New York Mets Pitcher Sustains Partially Torn Ulnar Collateral Ligament (UCL) - September 19, 2013
Yet another pitcher has fallen victim to an elbow injury. Matt Harvey, a starter for the New York Mets, sustained a partially torn ulnar collateral ligament (UCL) in late August. One of the few bright spots in an otherwise dull season for the Mets has now dimmed.
Harvey was enjoying a fantastic breakout season, having started this year’s All-Star Game for the National League and was a likely Cy Young candidate. Now, the pitcher’s season is marred by a finish on the disabled list from an injury that has claimed many before him.
As for what comes next, none of us, including Harvey, is sure. Most roads lead to the infamous Tommy John surgery, which requires a one-year minimum until a return to action. Harvey’s only other option is to rehabilitate with physical therapy in hopes of avoiding surgery.

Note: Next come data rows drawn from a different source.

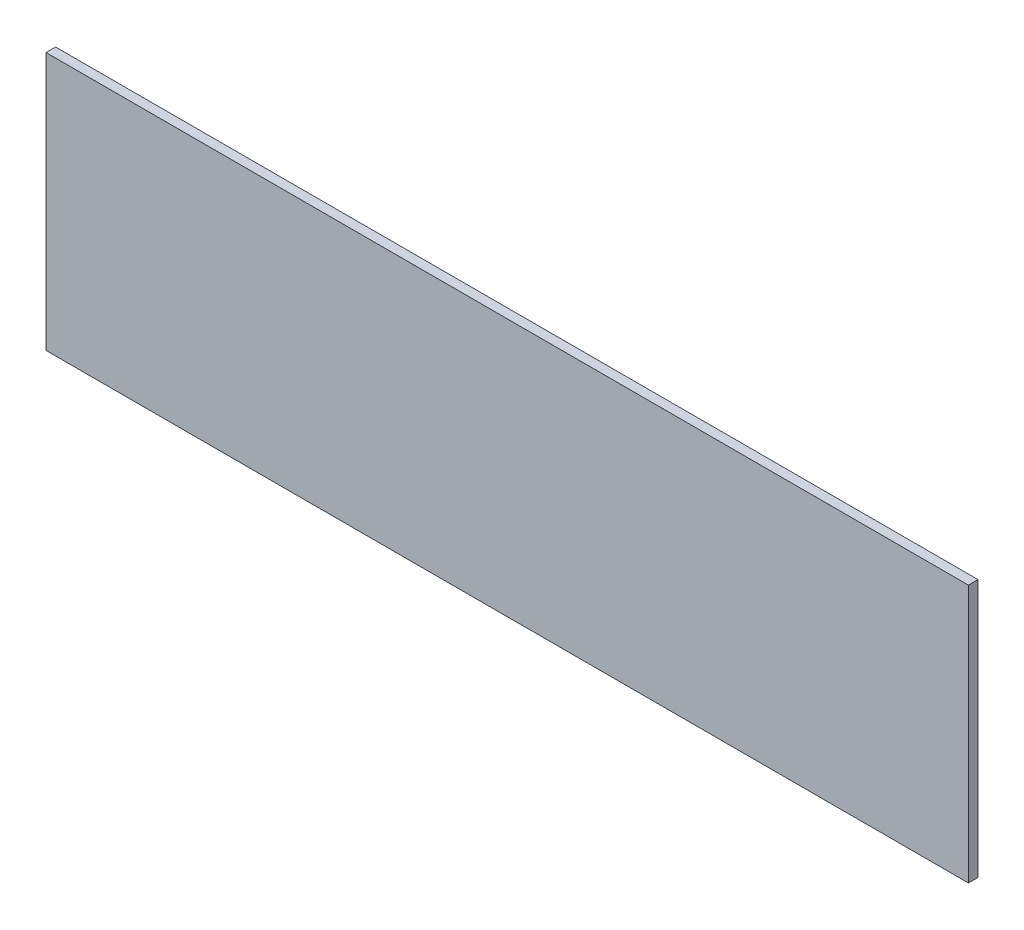
ISO-10303-21;
HEADER;
FILE_DESCRIPTION(('STEP AP214'),'2;1');
FILE_NAME('part.step','',(''),(''),'','','');
FILE_SCHEMA(('AUTOMOTIVE_DESIGN { 1 0 10303 214 1 1 1 1 }'));
ENDSEC;
DATA;
#1=APPLICATION_CONTEXT('core data for automotive mechanical design processes');
#2=APPLICATION_PROTOCOL_DEFINITION('international standard','automotive_design',2000,#1);
#3=PRODUCT_CONTEXT('',#1,'mechanical');
#4=PRODUCT('Part','Part','',(#3));
#5=PRODUCT_RELATED_PRODUCT_CATEGORY('part','',(#4));
#6=PRODUCT_DEFINITION_FORMATION('','',#4);
#7=PRODUCT_DEFINITION_CONTEXT('part definition',#1,'design');
#8=PRODUCT_DEFINITION('design','',#6,#7);
#9=PRODUCT_DEFINITION_SHAPE('','',#8);
#10=(LENGTH_UNIT() NAMED_UNIT(*) SI_UNIT(.MILLI.,.METRE.));
#11=(NAMED_UNIT(*) PLANE_ANGLE_UNIT() SI_UNIT($,.RADIAN.));
#12=(NAMED_UNIT(*) SI_UNIT($,.STERADIAN.) SOLID_ANGLE_UNIT());
#13=UNCERTAINTY_MEASURE_WITH_UNIT(LENGTH_MEASURE(1.E-05),#10,'distance_accuracy_value','');
#14=(GEOMETRIC_REPRESENTATION_CONTEXT(3) GLOBAL_UNCERTAINTY_ASSIGNED_CONTEXT((#13)) GLOBAL_UNIT_ASSIGNED_CONTEXT((#10,
#11,#12)) REPRESENTATION_CONTEXT('',''));
#15=CARTESIAN_POINT('',(0.,0.,0.));
#16=DIRECTION('',(0.,0.,1.));
#17=DIRECTION('',(1.,0.,0.));
#18=AXIS2_PLACEMENT_3D('',#15,#16,#17);
#19=CARTESIAN_POINT('',(153.025,42.8,3.175));
#20=DIRECTION('',(-1.,0.,0.));
#21=DIRECTION('',(0.,0.,1.));
#22=AXIS2_PLACEMENT_3D('',#19,#20,#21);
#23=PLANE('',#22);
#24=DIRECTION('',(0.,1.,0.));
#25=VECTOR('',#24,1.);
#26=CARTESIAN_POINT('',(153.025,42.8,0.));
#27=LINE('',#26,#25);
#28=CARTESIAN_POINT('',(153.025,-42.8,0.));
#29=VERTEX_POINT('',#28);
#30=CARTESIAN_POINT('',(153.025,42.8,0.));
#31=VERTEX_POINT('',#30);
#32=EDGE_CURVE('E99',#29,#31,#27,.T.);
#33=ORIENTED_EDGE('',*,*,#32,.T.);
#34=DIRECTION('',(0.,0.,-1.));
#35=VECTOR('',#34,1.);
#36=CARTESIAN_POINT('',(153.025,42.8,3.175));
#37=LINE('',#36,#35);
#38=CARTESIAN_POINT('',(153.025,42.8,3.175));
#39=VERTEX_POINT('',#38);
#40=EDGE_CURVE('E11',#39,#31,#37,.T.);
#41=ORIENTED_EDGE('',*,*,#40,.F.);
#42=DIRECTION('',(0.,1.,0.));
#43=VECTOR('',#42,1.);
#44=CARTESIAN_POINT('',(153.025,42.8,3.175));
#45=LINE('',#44,#43);
#46=CARTESIAN_POINT('',(153.025,-42.8,3.175));
#47=VERTEX_POINT('',#46);
#48=EDGE_CURVE('E87',#47,#39,#45,.T.);
#49=ORIENTED_EDGE('',*,*,#48,.F.);
#50=DIRECTION('',(0.,0.,-1.));
#51=VECTOR('',#50,1.);
#52=CARTESIAN_POINT('',(153.025,-42.8,3.175));
#53=LINE('',#52,#51);
#54=EDGE_CURVE('E95',#47,#29,#53,.T.);
#55=ORIENTED_EDGE('',*,*,#54,.T.);
#56=EDGE_LOOP('',(#33,#41,#49,#55));
#57=FACE_BOUND('',#56,.T.);
#58=ADVANCED_FACE('F36',(#57),#23,.F.);
#59=CARTESIAN_POINT('',(-153.025,42.8,3.175));
#60=DIRECTION('',(0.,-1.,0.));
#61=DIRECTION('',(0.,0.,-1.));
#62=AXIS2_PLACEMENT_3D('',#59,#60,#61);
#63=PLANE('',#62);
#64=DIRECTION('',(-1.,0.,0.));
#65=VECTOR('',#64,1.);
#66=CARTESIAN_POINT('',(-153.025,42.8,0.));
#67=LINE('',#66,#65);
#68=CARTESIAN_POINT('',(-153.025,42.8,0.));
#69=VERTEX_POINT('',#68);
#70=EDGE_CURVE('E91',#31,#69,#67,.T.);
#71=ORIENTED_EDGE('',*,*,#70,.T.);
#72=DIRECTION('',(0.,0.,-1.));
#73=VECTOR('',#72,1.);
#74=CARTESIAN_POINT('',(-153.025,42.8,3.175));
#75=LINE('',#74,#73);
#76=CARTESIAN_POINT('',(-153.025,42.8,3.175));
#77=VERTEX_POINT('',#76);
#78=EDGE_CURVE('E44',#77,#69,#75,.T.);
#79=ORIENTED_EDGE('',*,*,#78,.F.);
#80=DIRECTION('',(-1.,0.,0.));
#81=VECTOR('',#80,1.);
#82=CARTESIAN_POINT('',(-153.025,42.8,3.175));
#83=LINE('',#82,#81);
#84=EDGE_CURVE('E82',#39,#77,#83,.T.);
#85=ORIENTED_EDGE('',*,*,#84,.F.);
#86=ORIENTED_EDGE('',*,*,#40,.T.);
#87=EDGE_LOOP('',(#71,#79,#85,#86));
#88=FACE_BOUND('',#87,.T.);
#89=ADVANCED_FACE('F90',(#88),#63,.F.);
#90=CARTESIAN_POINT('',(-153.025,42.8,3.175));
#91=DIRECTION('',(1.,0.,0.));
#92=DIRECTION('',(0.,0.,-1.));
#93=AXIS2_PLACEMENT_3D('',#90,#91,#92);
#94=PLANE('',#93);
#95=DIRECTION('',(0.,-1.,0.));
#96=VECTOR('',#95,1.);
#97=CARTESIAN_POINT('',(-153.025,42.8,0.));
#98=LINE('',#97,#96);
#99=CARTESIAN_POINT('',(-153.025,-42.8,0.));
#100=VERTEX_POINT('',#99);
#101=EDGE_CURVE('E69',#69,#100,#98,.T.);
#102=ORIENTED_EDGE('',*,*,#101,.T.);
#103=DIRECTION('',(0.,0.,-1.));
#104=VECTOR('',#103,1.);
#105=CARTESIAN_POINT('',(-153.025,-42.8,3.175));
#106=LINE('',#105,#104);
#107=CARTESIAN_POINT('',(-153.025,-42.8,3.175));
#108=VERTEX_POINT('',#107);
#109=EDGE_CURVE('E92',#108,#100,#106,.T.);
#110=ORIENTED_EDGE('',*,*,#109,.F.);
#111=DIRECTION('',(0.,-1.,0.));
#112=VECTOR('',#111,1.);
#113=CARTESIAN_POINT('',(-153.025,42.8,3.175));
#114=LINE('',#113,#112);
#115=EDGE_CURVE('E85',#77,#108,#114,.T.);
#116=ORIENTED_EDGE('',*,*,#115,.F.);
#117=ORIENTED_EDGE('',*,*,#78,.T.);
#118=EDGE_LOOP('',(#102,#110,#116,#117));
#119=FACE_BOUND('',#118,.T.);
#120=ADVANCED_FACE('F93',(#119),#94,.F.);
#121=CARTESIAN_POINT('',(-153.025,-42.8,3.175));
#122=DIRECTION('',(0.,1.,0.));
#123=DIRECTION('',(0.,0.,1.));
#124=AXIS2_PLACEMENT_3D('',#121,#122,#123);
#125=PLANE('',#124);
#126=DIRECTION('',(1.,0.,0.));
#127=VECTOR('',#126,1.);
#128=CARTESIAN_POINT('',(-153.025,-42.8,0.));
#129=LINE('',#128,#127);
#130=EDGE_CURVE('E75',#100,#29,#129,.T.);
#131=ORIENTED_EDGE('',*,*,#130,.T.);
#132=ORIENTED_EDGE('',*,*,#54,.F.);
#133=DIRECTION('',(1.,0.,0.));
#134=VECTOR('',#133,1.);
#135=CARTESIAN_POINT('',(-153.025,-42.8,3.175));
#136=LINE('',#135,#134);
#137=EDGE_CURVE('E52',#108,#47,#136,.T.);
#138=ORIENTED_EDGE('',*,*,#137,.F.);
#139=ORIENTED_EDGE('',*,*,#109,.T.);
#140=EDGE_LOOP('',(#131,#132,#138,#139));
#141=FACE_BOUND('',#140,.T.);
#142=ADVANCED_FACE('F106',(#141),#125,.F.);
#143=CARTESIAN_POINT('',(0.,0.,3.175));
#144=DIRECTION('',(0.,0.,1.));
#145=DIRECTION('',(1.,0.,0.));
#146=AXIS2_PLACEMENT_3D('',#143,#144,#145);
#147=PLANE('',#146);
#148=ORIENTED_EDGE('',*,*,#48,.T.);
#149=ORIENTED_EDGE('',*,*,#84,.T.);
#150=ORIENTED_EDGE('',*,*,#115,.T.);
#151=ORIENTED_EDGE('',*,*,#137,.T.);
#152=EDGE_LOOP('',(#148,#149,#150,#151));
#153=FACE_BOUND('',#152,.T.);
#154=ADVANCED_FACE('F83',(#153),#147,.T.);
#155=CARTESIAN_POINT('',(0.,0.,0.));
#156=DIRECTION('',(0.,0.,1.));
#157=DIRECTION('',(1.,0.,0.));
#158=AXIS2_PLACEMENT_3D('',#155,#156,#157);
#159=PLANE('',#158);
#160=ORIENTED_EDGE('',*,*,#32,.F.);
#161=ORIENTED_EDGE('',*,*,#130,.F.);
#162=ORIENTED_EDGE('',*,*,#101,.F.);
#163=ORIENTED_EDGE('',*,*,#70,.F.);
#164=EDGE_LOOP('',(#160,#161,#162,#163));
#165=FACE_BOUND('',#164,.T.);
#166=ADVANCED_FACE('F109',(#165),#159,.F.);
#167=CLOSED_SHELL('',(#58,#89,#120,#142,#154,#166));
#168=MANIFOLD_SOLID_BREP('B2',#167);
#169=ADVANCED_BREP_SHAPE_REPRESENTATION('',(#18,#168),#14);
#170=SHAPE_DEFINITION_REPRESENTATION(#9,#169);
ENDSEC;
END-ISO-10303-21;

While most choose surgery because of its successful outcomes, Adam Wainwright, pitcher for the St. Louis Cardinals, is the best example of a rehab-only success story after a tear of the UCL. He had gone an additional six seasons before ultimately undergoing surgery.
For Harvey, it will be a long road if he opts for a ligament reconstruction operation, as it requires one month in an immobilizer before the 10- to 12-month journey of rehabbing the arm to restore range of motion and relearn use of his elbow, wrist and hand.
If he chooses physical therapy only, the initial goal will be to control the pain and inflammation, then correcting any mobility loss in the elbow. Once the source of the injury is addressed with modalities, stretching and massage, the real work can begin.
Often, this injury will occur from increased loading on the elbow, over-exerting the ligament. Correcting mechanics at the shoulder, thorax, core and hips has the potential to alleviate the excessive forces placed on the ligament by allowing a sharing of the load throughout the body.
This will be Harvey’s goal, but it will take a lot of work and determination in order for him to start pitching in Spring 2014 instead of Spring 2015.